I ran 25% methanol solution.

I did four runs

Run No.2 was with a D03 W/M nozzle and produced 216.89 HP and MAX EGT's of 1190

Run No.3 was with the w/m turned off and produced 214.76 HP and MAX EGT's of 1600

Run No.4 was with a D04 W/M nozzle and produced 216.48 HP and MAX EGT's of 1180

Run No.5 was with a no w/m and some ghetto NOS spraying in the airbox and produced 278.18 HP and MAX EGT's of 1400

The dyno ... Ghetto NOS run  the run on fuel only 

Based on my no Horse$hit experiment, and with all other things beings equal, my conclusions are:

1- WMI has negligible effects on HP output

2- Significant beneficial effects on EGT's

3- My optimum nozzle size is D03. (why go with a larger nozzle if I get essentially the same cooling effects)

You make your own conclusions...


----------



## Krieger (May 5, 2009)

Yeah, I gained a stunning 1 WHP with a D03 nozzle with my DVC-30 kit. :laugh:


----------



## Fast VW (Sep 24, 2002)

I am not questioning your or your tuners knowledge. Did you do any tuning specifically for the W/M injection? i.e. increase boost, lean the AFR, etc? Just curious, thanks.


----------



## naemcivic (Aug 22, 2010)

^^this guy is running diesel. his tuning would be different from a gasoline engine.


----------



## ryan mills (May 3, 2002)

Interesting. I'll add my findings as well....I've picked up a whopping 1mph in the quarter mile running methanol. I want to know where this "up to 180 hp at the wheels!!!!!" came from. Probably a 600 cu in blown engine without intercoolers/aftercoolers running 87 octane.


----------



## naemcivic (Aug 22, 2010)

haha, 180+ HP? just from adding CH303 is just ridiculous. maybe on my Class 8 Peterbilt or Frigeghtliner big rig ok. not on our VW.


----------



## naemcivic (Aug 22, 2010)

actually adding 1mph trap speed on the 1/4 isn't bad at all.


----------



## truckinwagen (Nov 30, 2007)

the extra power seen on a diesel with water meth comes from the extra fuel that lowered EGT allows.
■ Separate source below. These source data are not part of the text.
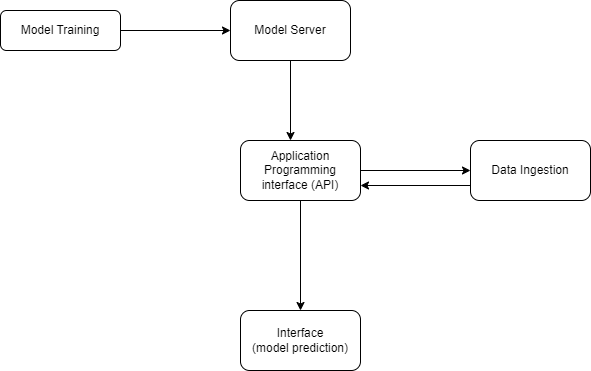

The diagram above was exported from draw.io. Its source (the exported page's mxGraphModel, read from the mxfile embedded in the PNG):
<mxGraphModel dx="864" dy="556" grid="1" gridSize="10" guides="1" tooltips="1" connect="1" arrows="1" fold="1" page="1" pageScale="1" pageWidth="850" pageHeight="1100" math="0" shadow="0">
  <root>
    <mxCell id="0" />
    <mxCell id="1" parent="0" />
    <mxCell id="xQqkcEBP9oAv_OthxbTN-1" value="Data Ingestion" style="rounded=1;whiteSpace=wrap;html=1;" vertex="1" parent="1">
      <mxGeometry x="580" y="200" width="120" height="60" as="geometry" />
    </mxCell>
    <mxCell id="xQqkcEBP9oAv_OthxbTN-2" value="Application Programming interface (API)" style="rounded=1;whiteSpace=wrap;html=1;" vertex="1" parent="1">
      <mxGeometry x="350" y="200" width="120" height="60" as="geometry" />
    </mxCell>
    <mxCell id="xQqkcEBP9oAv_OthxbTN-3" value="Model Server" style="rounded=1;whiteSpace=wrap;html=1;" vertex="1" parent="1">
      <mxGeometry x="340" y="60" width="120" height="60" as="geometry" />
    </mxCell>
    <mxCell id="xQqkcEBP9oAv_OthxbTN-4" value="Model Training" style="rounded=1;whiteSpace=wrap;html=1;" vertex="1" parent="1">
      <mxGeometry x="110" y="70" width="120" height="40" as="geometry" />
    </mxCell>
    <mxCell id="xQqkcEBP9oAv_OthxbTN-5" value="Interface&lt;div&gt;(model prediction)&lt;/div&gt;" style="rounded=1;whiteSpace=wrap;html=1;" vertex="1" parent="1">
      <mxGeometry x="350" y="370" width="120" height="60" as="geometry" />
    </mxCell>
    <mxCell id="xQqkcEBP9oAv_OthxbTN-7" value="" style="endArrow=classic;html=1;rounded=0;entryX=0;entryY=0.5;entryDx=0;entryDy=0;" edge="1" parent="1" target="xQqkcEBP9oAv_OthxbTN-3">
      <mxGeometry width="50" height="50" relative="1" as="geometry">
        <mxPoint x="230" y="90" as="sourcePoint" />
        <mxPoint x="280" y="40" as="targetPoint" />
      </mxGeometry>
    </mxCell>
    <mxCell id="xQqkcEBP9oAv_OthxbTN-8" value="" style="endArrow=classic;html=1;rounded=0;entryX=0;entryY=0.5;entryDx=0;entryDy=0;" edge="1" parent="1" target="xQqkcEBP9oAv_OthxbTN-1">
      <mxGeometry width="50" height="50" relative="1" as="geometry">
        <mxPoint x="470" y="230" as="sourcePoint" />
        <mxPoint x="520" y="180" as="targetPoint" />
      </mxGeometry>
    </mxCell>
    <mxCell id="xQqkcEBP9oAv_OthxbTN-9" value="" style="endArrow=classic;html=1;rounded=0;exitX=0.5;exitY=1;exitDx=0;exitDy=0;entryX=0.5;entryY=0;entryDx=0;entryDy=0;" edge="1" parent="1" source="xQqkcEBP9oAv_OthxbTN-2" target="xQqkcEBP9oAv_OthxbTN-5">
      <mxGeometry width="50" height="50" relative="1" as="geometry">
        <mxPoint x="420" y="330" as="sourcePoint" />
        <mxPoint x="470" y="280" as="targetPoint" />
      </mxGeometry>
    </mxCell>
    <mxCell id="xQqkcEBP9oAv_OthxbTN-10" value="" style="endArrow=classic;html=1;rounded=0;entryX=1;entryY=0.75;entryDx=0;entryDy=0;exitX=0;exitY=0.75;exitDx=0;exitDy=0;" edge="1" parent="1" source="xQqkcEBP9oAv_OthxbTN-1" target="xQqkcEBP9oAv_OthxbTN-2">
      <mxGeometry width="50" height="50" relative="1" as="geometry">
        <mxPoint x="490" y="300" as="sourcePoint" />
        <mxPoint x="540" y="250" as="targetPoint" />
      </mxGeometry>
    </mxCell>
    <mxCell id="xQqkcEBP9oAv_OthxbTN-11" value="" style="endArrow=classic;html=1;rounded=0;exitX=0.5;exitY=1;exitDx=0;exitDy=0;" edge="1" parent="1" source="xQqkcEBP9oAv_OthxbTN-3">
      <mxGeometry width="50" height="50" relative="1" as="geometry">
        <mxPoint x="400" y="180" as="sourcePoint" />
        <mxPoint x="400" y="200" as="targetPoint" />
      </mxGeometry>
    </mxCell>
  </root>
</mxGraphModel>
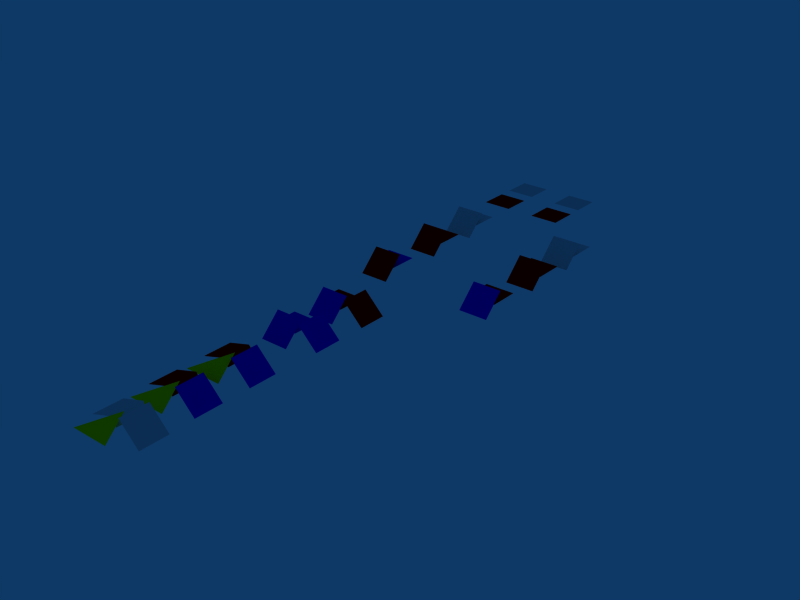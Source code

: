 # Source: meshes_split_materials_copied.test.blend  (saved by Blender 2.49.2; exported with 4.5.12 LTS)
import bpy
from mathutils import Matrix  # noqa: F401  (used for matrix-valued properties, if any)

bpy.ops.wm.read_factory_settings(use_empty=True)
scene = bpy.context.scene
scene.name = 'Scene'

# ---- collections
col_collection_1 = bpy.data.collections.new('Collection 1'); scene.collection.children.link(col_collection_1)

# ---- materials (node trees are filled in below, after node groups)
mat_material__25 = bpy.data.materials.new('Material_.25')
mat_material__25.alpha_threshold = 0.0
mat_material__25.diffuse_color = (0.77, 0.0, 0.0, 1.0)
mat_material__25.roughness = 0.5
mat_material__25.specular_intensity = 0.25
mat_material__25.line_color = (0.0, 0.0, 0.0, 1.0)
mat_material__75 = bpy.data.materials.new('Material_.75')
mat_material__75.alpha_threshold = 0.0
mat_material__75.diffuse_color = (0.0, 0.0, 0.88, 1.0)
mat_material__75.roughness = 0.5
mat_material__75.specular_intensity = 0.75
mat_material__75.line_color = (0.0, 0.0, 0.0, 1.0)
mat_material__9 = bpy.data.materials.new('Material_.9')
mat_material__9.alpha_threshold = 0.0
mat_material__9.diffuse_color = (0.99, 0.99, 0.0, 1.0)
mat_material__9.roughness = 0.5
mat_material__9.specular_intensity = 0.9
mat_material__9.line_color = (0.0, 0.0, 0.0, 1.0)

# ---- material node trees

# ---- world
world_world = bpy.data.worlds.new('World'); scene.world = world_world
world_world.color = (0.05656, 0.2208, 0.4)
world_world.use_sun_shadow = False
world_world.sun_shadow_jitter_overblur = 0.0
world_world.cycles.sampling_method = 'MANUAL'
world_world.cycles.sample_map_resolution = 256

# ---- meshes
me_plane_005 = bpy.data.meshes.new('Plane.005')
me_plane_005.from_pydata([(1.0, 1.0, 0.0), (1.0, -1.0, 0.0), (-1.0, -1.0, 0.0), (-1.0, 1.0, 0.0), (1.0, -0.3929, 0.7071), (1.0, -1.807, -0.7071), (-1.66, -1.807, -0.7071), (2.707, 1.0, -0.7071), (2.707, -1.0, -0.7071), (1.293, -1.0, 0.7071), (1.293, 1.0, 0.7071), (-5.96e-08, -0.4607, 0.0), (1.788e-07, 1.539, 0.0)], [], [(9, 8, 7, 10), (4, 5, 6), (0, 12, 11, 1), (12, 3, 2, 11)])
me_plane_005.polygons.foreach_set('use_smooth', [0, 1, 0, 0])
me_plane_005.polygons.foreach_set('material_index', [1, 2, 0, 0])
_uv = me_plane_005.uv_layers.new(name='UVTex')
_uv.uv.foreach_set('vector', [0.0, 0.0, 1.0, 0.0, 1.0, 1.0, 0.0, 1.0, 0.0, 0.0, 1.0, 0.0, 1.0, 1.0, 0.0, 0.0, 0.5, 1.49e-08, 0.5, 1.0, 0.0, 1.0, 0.5, 1.49e-08, 1.0, 0.0, 1.0, 1.0, 0.5, 1.0])
me_plane_005.materials.append(mat_material__25)
me_plane_005.materials.append(mat_material__75)
me_plane_005.materials.append(mat_material__9)
me_plane_005.use_remesh_preserve_volume = False
me_plane_005.use_remesh_preserve_attributes = False
me_plane_005.use_mirror_vertex_groups = False
me_plane_005.update()
me_plane_002 = bpy.data.meshes.new('Plane.002')
me_plane_002.from_pydata([(1.0, 1.0, 0.0), (1.0, -1.0, 0.0), (-1.0, -1.0, 0.0), (-1.0, 1.0, 0.0), (1.0, -0.3929, 0.7071), (1.0, -1.807, -0.7071), (-1.66, -1.807, -0.7071), (2.707, 1.0, -0.7071), (2.707, -1.0, -0.7071), (1.293, -1.0, 0.7071), (1.293, 1.0, 0.7071), (-5.96e-08, -0.4607, 0.0), (1.788e-07, 1.539, 0.0)], [], [(9, 8, 7, 10), (4, 5, 6), (0, 12, 11, 1), (12, 3, 2, 11)])
me_plane_002.polygons.foreach_set('use_smooth', [0, 1, 0, 0])
me_plane_002.polygons.foreach_set('material_index', [1, 2, 0, 0])
_uv = me_plane_002.uv_layers.new(name='UVTex')
_uv.uv.foreach_set('vector', [0.0, 0.0, 1.0, 0.0, 1.0, 1.0, 0.0, 1.0, 0.0, 0.0, 1.0, 0.0, 1.0, 1.0, 0.0, 0.0, 0.5, 1.49e-08, 0.5, 1.0, 0.0, 1.0, 0.5, 1.49e-08, 1.0, 0.0, 1.0, 1.0, 0.5, 1.0])
me_plane_002.materials.append(None)
me_plane_002.materials.append(None)
me_plane_002.materials.append(mat_material__9)
me_plane_002.use_remesh_preserve_volume = False
me_plane_002.use_remesh_preserve_attributes = False
me_plane_002.use_mirror_vertex_groups = False
me_plane_002.update()
me_plane_019 = bpy.data.meshes.new('Plane.019')
me_plane_019.from_pydata([(1.0, 1.0, 0.0), (1.0, -1.0, 0.0), (-1.0, -1.0, 0.0), (-1.0, 1.0, 0.0), (1.0, -0.3929, 0.7071), (1.0, -1.807, -0.7071), (-1.66, -1.807, -0.7071), (2.707, 1.0, -0.7071), (2.707, -1.0, -0.7071), (1.293, -1.0, 0.7071), (1.293, 1.0, 0.7071), (-5.96e-08, -0.4607, 0.0), (1.788e-07, 1.539, 0.0)], [], [(9, 8, 7, 10), (4, 5, 6), (0, 12, 11, 1), (12, 3, 2, 11)])
me_plane_019.polygons.foreach_set('use_smooth', [0, 1, 0, 0])
me_plane_019.polygons.foreach_set('material_index', [1, 2, 0, 0])
_uv = me_plane_019.uv_layers.new(name='UVTex')
_uv.uv.foreach_set('vector', [0.0, 0.0, 1.0, 0.0, 1.0, 1.0, 0.0, 1.0, 0.0, 0.0, 1.0, 0.0, 1.0, 1.0, 0.0, 0.0, 0.5, 1.49e-08, 0.5, 1.0, 0.0, 1.0, 0.5, 1.49e-08, 1.0, 0.0, 1.0, 1.0, 0.5, 1.0])
me_plane_019.materials.append(mat_material__25)
me_plane_019.materials.append(mat_material__75)
me_plane_019.materials.append(mat_material__9)
me_plane_019.use_remesh_preserve_volume = False
me_plane_019.use_remesh_preserve_attributes = False
me_plane_019.use_mirror_vertex_groups = False
me_plane_019.update()
me_plane_020 = bpy.data.meshes.new('Plane.020')
me_plane_020.from_pydata([(1.0, 1.0, 0.0), (1.0, -1.0, 0.0), (-1.0, -1.0, 0.0), (-1.0, 1.0, 0.0), (1.0, -0.3929, 0.7071), (1.0, -1.807, -0.7071), (-1.0, -1.807, -0.7071), (-1.0, -0.3929, 0.7071), (2.707, 1.0, -0.7071), (2.707, -1.0, -0.7071), (1.293, -1.0, 0.7071), (1.293, 1.0, 0.7071)], [], [(0, 3, 2, 1), (6, 5, 4, 7), (10, 9, 8, 11)])
me_plane_020.polygons.foreach_set('material_index', [1, 1, 1])
_uv = me_plane_020.uv_layers.new(name='UVTex')
_uv.uv.foreach_set('vector', [0.0, 0.0, 1.0, 0.0, 1.0, 1.0, 0.0, 1.0, 0.0, 0.0, 1.0, 0.0, 1.0, 1.0, 0.0, 1.0, 0.0, 0.0, 1.0, 0.0, 1.0, 1.0, 0.0, 1.0])
me_plane_020.materials.append(mat_material__25)
me_plane_020.materials.append(mat_material__75)
me_plane_020.materials.append(mat_material__9)
me_plane_020.use_remesh_preserve_volume = False
me_plane_020.use_remesh_preserve_attributes = False
me_plane_020.use_mirror_vertex_groups = False
me_plane_020.update()
me_plane_018 = bpy.data.meshes.new('Plane.018')
me_plane_018.from_pydata([(1.0, 1.0, 0.0), (1.0, -1.0, 0.0), (-1.0, -1.0, 0.0), (-1.0, 1.0, 0.0), (1.0, -0.3929, 0.7071), (1.0, -1.807, -0.7071), (-1.0, -1.807, -0.7071), (-1.0, -0.3929, 0.7071), (2.707, 1.0, -0.7071), (2.707, -1.0, -0.7071), (1.293, -1.0, 0.7071), (1.293, 1.0, 0.7071)], [], [(0, 3, 2, 1), (6, 5, 4, 7), (10, 9, 8, 11)])
me_plane_018.polygons.foreach_set('material_index', [0, 1, 0])
_uv = me_plane_018.uv_layers.new(name='UVTex')
_uv.uv.foreach_set('vector', [0.0, 0.0, 1.0, 0.0, 1.0, 1.0, 0.0, 1.0, 0.0, 0.0, 1.0, 0.0, 1.0, 1.0, 0.0, 1.0, 0.0, 0.0, 1.0, 0.0, 1.0, 1.0, 0.0, 1.0])
me_plane_018.materials.append(mat_material__25)
me_plane_018.materials.append(mat_material__75)
me_plane_018.materials.append(mat_material__9)
me_plane_018.use_remesh_preserve_volume = False
me_plane_018.use_remesh_preserve_attributes = False
me_plane_018.use_mirror_vertex_groups = False
me_plane_018.update()
me_plane_017 = bpy.data.meshes.new('Plane.017')
me_plane_017.from_pydata([(1.0, 1.0, 0.0), (1.0, -1.0, 0.0), (-1.0, -1.0, 0.0), (-1.0, 1.0, 0.0), (1.0, -0.3929, 0.7071), (1.0, -1.807, -0.7071), (-1.0, -1.807, -0.7071), (-1.0, -0.3929, 0.7071)], [], [(0, 3, 2, 1), (6, 5, 4, 7)])
me_plane_017.polygons.foreach_set('material_index', [0, 1])
_uv = me_plane_017.uv_layers.new(name='UVTex')
_uv.uv.foreach_set('vector', [0.0, 0.0, 1.0, 0.0, 1.0, 1.0, 0.0, 1.0, 0.0, 0.0, 1.0, 0.0, 1.0, 1.0, 0.0, 1.0])
me_plane_017.materials.append(mat_material__25)
me_plane_017.materials.append(mat_material__75)
me_plane_017.use_remesh_preserve_volume = False
me_plane_017.use_remesh_preserve_attributes = False
me_plane_017.use_mirror_vertex_groups = False
me_plane_017.update()
me_plane_016 = bpy.data.meshes.new('Plane.016')
me_plane_016.from_pydata([(1.0, 1.0, 0.0), (1.0, -1.0, 0.0), (-1.0, -1.0, 0.0), (-1.0, 1.0, 0.0), (1.0, -0.2929, 0.7071), (1.0, -1.707, -0.7071), (-1.0, -1.707, -0.7071), (-1.0, -0.2929, 0.7071)], [], [(0, 3, 2, 1), (6, 5, 4, 7)])
me_plane_016.polygons.foreach_set('material_index', [1, 0])
me_plane_016.materials.append(mat_material__25)
me_plane_016.materials.append(mat_material__75)
me_plane_016.use_remesh_preserve_volume = False
me_plane_016.use_remesh_preserve_attributes = False
me_plane_016.use_mirror_vertex_groups = False
me_plane_016.update()
me_plane_015 = bpy.data.meshes.new('Plane.015')
me_plane_015.from_pydata([(1.0, 1.0, 0.0), (1.0, -1.0, 0.0), (-1.0, -1.0, 0.0), (-1.0, 1.0, 0.0), (1.0, -0.2929, 0.7071), (1.0, -1.707, -0.7071), (-1.0, -1.707, -0.7071), (-1.0, -0.2929, 0.7071)], [], [(0, 3, 2, 1), (6, 5, 4, 7)])
me_plane_015.materials.append(mat_material__25)
me_plane_015.use_remesh_preserve_volume = False
me_plane_015.use_remesh_preserve_attributes = False
me_plane_015.use_mirror_vertex_groups = False
me_plane_015.update()
me_plane_014 = bpy.data.meshes.new('Plane.014')
me_plane_014.from_pydata([(1.0, 1.0, 0.0), (1.0, -1.0, 0.0), (-1.0, -1.0, 0.0), (-1.0, 1.0, 0.0), (1.0, -0.3929, 0.7071), (1.0, -1.807, -0.7071), (-1.0, -1.807, -0.7071), (-1.0, -0.3929, 0.7071)], [], [(0, 3, 2, 1), (6, 5, 4, 7)])
_uv = me_plane_014.uv_layers.new(name='UVTex')
_uv.uv.foreach_set('vector', [0.0, 0.0, 1.0, 0.0, 1.0, 1.0, 0.0, 1.0, 0.0, 0.0, 1.0, 0.0, 1.0, 1.0, 0.0, 1.0])
me_plane_014.materials.append(mat_material__25)
me_plane_014.use_remesh_preserve_volume = False
me_plane_014.use_remesh_preserve_attributes = False
me_plane_014.use_mirror_vertex_groups = False
me_plane_014.update()
me_plane_013 = bpy.data.meshes.new('Plane.013')
me_plane_013.from_pydata([(1.0, 1.0, 0.0), (1.0, -1.0, 0.0), (-1.0, -1.0, 0.0), (-1.0, 1.0, 0.0), (1.0, -0.3929, 0.7071), (1.0, -1.807, -0.7071), (-1.0, -1.807, -0.7071), (-1.0, -0.3929, 0.7071)], [], [(0, 3, 2, 1), (6, 5, 4, 7)])
_uv = me_plane_013.uv_layers.new(name='UVTex')
_uv.uv.foreach_set('vector', [0.0, 0.0, 1.0, 0.0, 1.0, 1.0, 0.0, 1.0, 0.0, 0.0, 1.0, 0.0, 1.0, 1.0, 0.0, 1.0])
me_plane_013.use_remesh_preserve_volume = False
me_plane_013.use_remesh_preserve_attributes = False
me_plane_013.use_mirror_vertex_groups = False
me_plane_013.update()
me_plane_012 = bpy.data.meshes.new('Plane.012')
me_plane_012.from_pydata([(1.0, 1.0, 0.0), (1.0, -1.0, 0.0), (-1.0, -1.0, 0.0), (-1.0, 1.0, 0.0), (1.0, -0.2929, 0.7071), (1.0, -1.707, -0.7071), (-1.0, -1.707, -0.7071), (-1.0, -0.2929, 0.7071)], [], [(0, 3, 2, 1), (6, 5, 4, 7)])
me_plane_012.use_remesh_preserve_volume = False
me_plane_012.use_remesh_preserve_attributes = False
me_plane_012.use_mirror_vertex_groups = False
me_plane_012.update()
me_plane_004 = bpy.data.meshes.new('Plane.004')
me_plane_004.from_pydata([(1.0, 1.0, 0.0), (1.0, -1.0, 0.0), (-1.0, -1.0, 0.0), (-1.0, 1.0, 0.0)], [], [(0, 3, 2, 1)])
me_plane_004.materials.append(mat_material__25)
me_plane_004.use_remesh_preserve_volume = False
me_plane_004.use_remesh_preserve_attributes = False
me_plane_004.use_mirror_vertex_groups = False
me_plane_004.update()
me_plane_003 = bpy.data.meshes.new('Plane.003')
me_plane_003.from_pydata([(1.0, 1.0, 0.0), (1.0, -1.0, 0.0), (-1.0, -1.0, 0.0), (-1.0, 1.0, 0.0)], [], [(0, 3, 2, 1)])
_uv = me_plane_003.uv_layers.new(name='UVTex')
_uv.uv.foreach_set('vector', [0.0, 0.0, 1.0, 0.0, 1.0, 1.0, 0.0, 1.0])
me_plane_003.materials.append(mat_material__25)
me_plane_003.use_remesh_preserve_volume = False
me_plane_003.use_remesh_preserve_attributes = False
me_plane_003.use_mirror_vertex_groups = False
me_plane_003.update()
me_plane_001 = bpy.data.meshes.new('Plane.001')
me_plane_001.from_pydata([(1.0, 1.0, 0.0), (1.0, -1.0, 0.0), (-1.0, -1.0, 0.0), (-1.0, 1.0, 0.0)], [], [(0, 3, 2, 1)])
_uv = me_plane_001.uv_layers.new(name='UVTex')
_uv.uv.foreach_set('vector', [0.0, 0.0, 1.0, 0.0, 1.0, 1.0, 0.0, 1.0])
me_plane_001.use_remesh_preserve_volume = False
me_plane_001.use_remesh_preserve_attributes = False
me_plane_001.use_mirror_vertex_groups = False
me_plane_001.update()
me_plane = bpy.data.meshes.new('Plane')
me_plane.from_pydata([(1.0, 1.0, 0.0), (1.0, -1.0, 0.0), (-1.0, -1.0, 0.0), (-1.0, 1.0, 0.0)], [], [(0, 3, 2, 1)])
me_plane.use_remesh_preserve_volume = False
me_plane.use_remesh_preserve_attributes = False
me_plane.use_mirror_vertex_groups = False
me_plane.update()

# ---- objects
ob_4face_tests = bpy.data.objects.new('4face_tests', None)
ob_4face_3mat_1tf = bpy.data.objects.new('4face_3mat_1tf', me_plane_005)
ob_4face_3mat_3tf_1as = bpy.data.objects.new('4face_3mat_3tf_1as', me_plane_002)
ob_4face_3mat_2tf = bpy.data.objects.new('4face_3mat_2tf', me_plane_019)
ob_3face_tests = bpy.data.objects.new('3face_tests', None)
ob_3face_3mat_3tf = bpy.data.objects.new('3face_3mat_3tf', me_plane_020)
ob_3face_3mat_2tf_2used = bpy.data.objects.new('3face_3mat_2tf_2used', me_plane_018)
ob_2face_tests = bpy.data.objects.new('2face_tests', None)
ob_2face_2mat_2tf = bpy.data.objects.new('2face_2mat_2tf', me_plane_017)
ob_2face_2mat_0tf = bpy.data.objects.new('2face_2mat_0tf', me_plane_016)
ob_2face_1mat_0tf = bpy.data.objects.new('2face_1mat_0tf', me_plane_015)
ob_2face_1mat_2tf = bpy.data.objects.new('2face_1mat_2tf', me_plane_014)
ob_2face_0mat_2tf = bpy.data.objects.new('2face_0mat_2tf', me_plane_013)
ob_2face_0mat_0tf = bpy.data.objects.new('2face_0mat_0tf', me_plane_012)
ob_1face_tests = bpy.data.objects.new('1face_tests', None)
ob_1face_1mat_0tf = bpy.data.objects.new('1face_1mat_0tf', me_plane_004)
ob_1face_1mat_1tf = bpy.data.objects.new('1face_1mat_1tf', me_plane_003)
ob_1face_0mat_1tf = bpy.data.objects.new('1face_0mat_1tf', me_plane_001)
ob_1face_0mat_0tf = bpy.data.objects.new('1face_0mat_0tf', me_plane)

# ---- transforms, parenting, visibility, modifiers, constraints
ob_4face_tests.location = (-1.0, -28.0, -1.0)
ob_4face_tests.lock_rotations_4d = False
ob_4face_tests.empty_display_type = 'ARROWS'
ob_4face_tests.empty_image_offset = (0.0, 0.0)
ob_4face_tests.lineart.crease_threshold = 0.0
ob_4face_3mat_1tf.parent = ob_4face_tests
ob_4face_3mat_1tf.matrix_parent_inverse = Matrix(((1.0, 0.0, 0.0, 1.0), (0.0, 1.0, 0.0, 28.0), (0.0, 0.0, 1.0, 1.0), (0.0, 0.0, 0.0, 1.0)))
ob_4face_3mat_1tf.location = (-0.1254, -30.2, -1.0)
ob_4face_3mat_1tf.lock_rotations_4d = False
ob_4face_3mat_1tf.empty_display_type = 'ARROWS'
ob_4face_3mat_1tf.lineart.crease_threshold = 0.0
ob_4face_3mat_3tf_1as.parent = ob_4face_tests
ob_4face_3mat_3tf_1as.matrix_parent_inverse = Matrix(((1.0, 0.0, 0.0, 1.0), (0.0, 1.0, 0.0, 28.0), (0.0, 0.0, 1.0, 1.0), (0.0, 0.0, 0.0, 1.0)))
ob_4face_3mat_3tf_1as.location = (0.0, -38.0, -1.0)
ob_4face_3mat_3tf_1as.lock_rotations_4d = False
ob_4face_3mat_3tf_1as.empty_display_type = 'ARROWS'
ob_4face_3mat_3tf_1as.lineart.crease_threshold = 0.0
ob_4face_3mat_2tf.parent = ob_4face_tests
ob_4face_3mat_2tf.matrix_parent_inverse = Matrix(((1.0, 0.0, 0.0, 1.0), (0.0, 1.0, 0.0, 28.0), (0.0, 0.0, 1.0, 1.0), (0.0, 0.0, 0.0, 1.0)))
ob_4face_3mat_2tf.location = (-0.1254, -34.2, -1.0)
ob_4face_3mat_2tf.lock_rotations_4d = False
ob_4face_3mat_2tf.empty_display_type = 'ARROWS'
ob_4face_3mat_2tf.lineart.crease_threshold = 0.0
ob_3face_tests.location = (-1.0, -20.0, -1.0)
ob_3face_tests.lock_rotations_4d = False
ob_3face_tests.empty_display_type = 'ARROWS'
ob_3face_tests.empty_image_offset = (0.0, 0.0)
ob_3face_tests.lineart.crease_threshold = 0.0
ob_3face_3mat_3tf.parent = ob_3face_tests
ob_3face_3mat_3tf.matrix_parent_inverse = Matrix(((1.0, 0.0, 0.0, 1.0), (0.0, 1.0, 0.0, 19.0), (0.0, 0.0, 1.0, 1.0), (0.0, 0.0, 0.0, 1.0)))
ob_3face_3mat_3tf.location = (0.0, -24.0, -1.0)
ob_3face_3mat_3tf.lock_rotations_4d = False
ob_3face_3mat_3tf.empty_display_type = 'ARROWS'
ob_3face_3mat_3tf.lineart.crease_threshold = 0.0
ob_3face_3mat_2tf_2used.parent = ob_3face_tests
ob_3face_3mat_2tf_2used.matrix_parent_inverse = Matrix(((1.0, 0.0, 0.0, 1.0), (0.0, 1.0, 0.0, 19.0), (0.0, 0.0, 1.0, 1.0), (0.0, 0.0, 0.0, 1.0)))
ob_3face_3mat_2tf_2used.location = (0.0, -20.0, -1.0)
ob_3face_3mat_2tf_2used.lock_rotations_4d = False
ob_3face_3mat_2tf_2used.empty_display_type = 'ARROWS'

if you leave your fueling alone there is little power increase, but if you increase fueling to bring EGT back up to where is was, you can gain alot of power


----------



## 30rMKIV (May 14, 2010)

truckinwagen said:


> the extra power seen on a diesel with water meth comes from the extra fuel that lowered EGT allows.
> 
> if you leave your fueling alone there is little power increase, but if you increase fueling to bring EGT back up to where is was, you can gain alot of power


x2 :thumbup: Strapping on a meth kit to your car will show you little if any gains without the proper tuning for it. The whole point of meth is to allow you to push your car to the limits by adding more boost and timing while still running your average day to day pump gas  Running meth without the proper tuning is like slaping a GT30r on stock car and claiming you only gained 25whp, everything is in the tuning :beer:


----------



## totheMax (Jun 11, 2008)

truckinwagen said:


> the extra power seen on a diesel with water meth comes from the extra fuel that lowered EGT allows.
> 
> if you leave your fueling alone there is little power increase, but if you increase fueling to bring EGT back up to where is was, you can gain alot of power


Yes, I agree with your concept. I was just proving that ALL OTHER THINGS REMAINING EQUAL W/M does not do Jack $hit for added whp. It does lower egt's but has a negligent effect on HP. It does allow us to raise fueling thereby producing more HP. 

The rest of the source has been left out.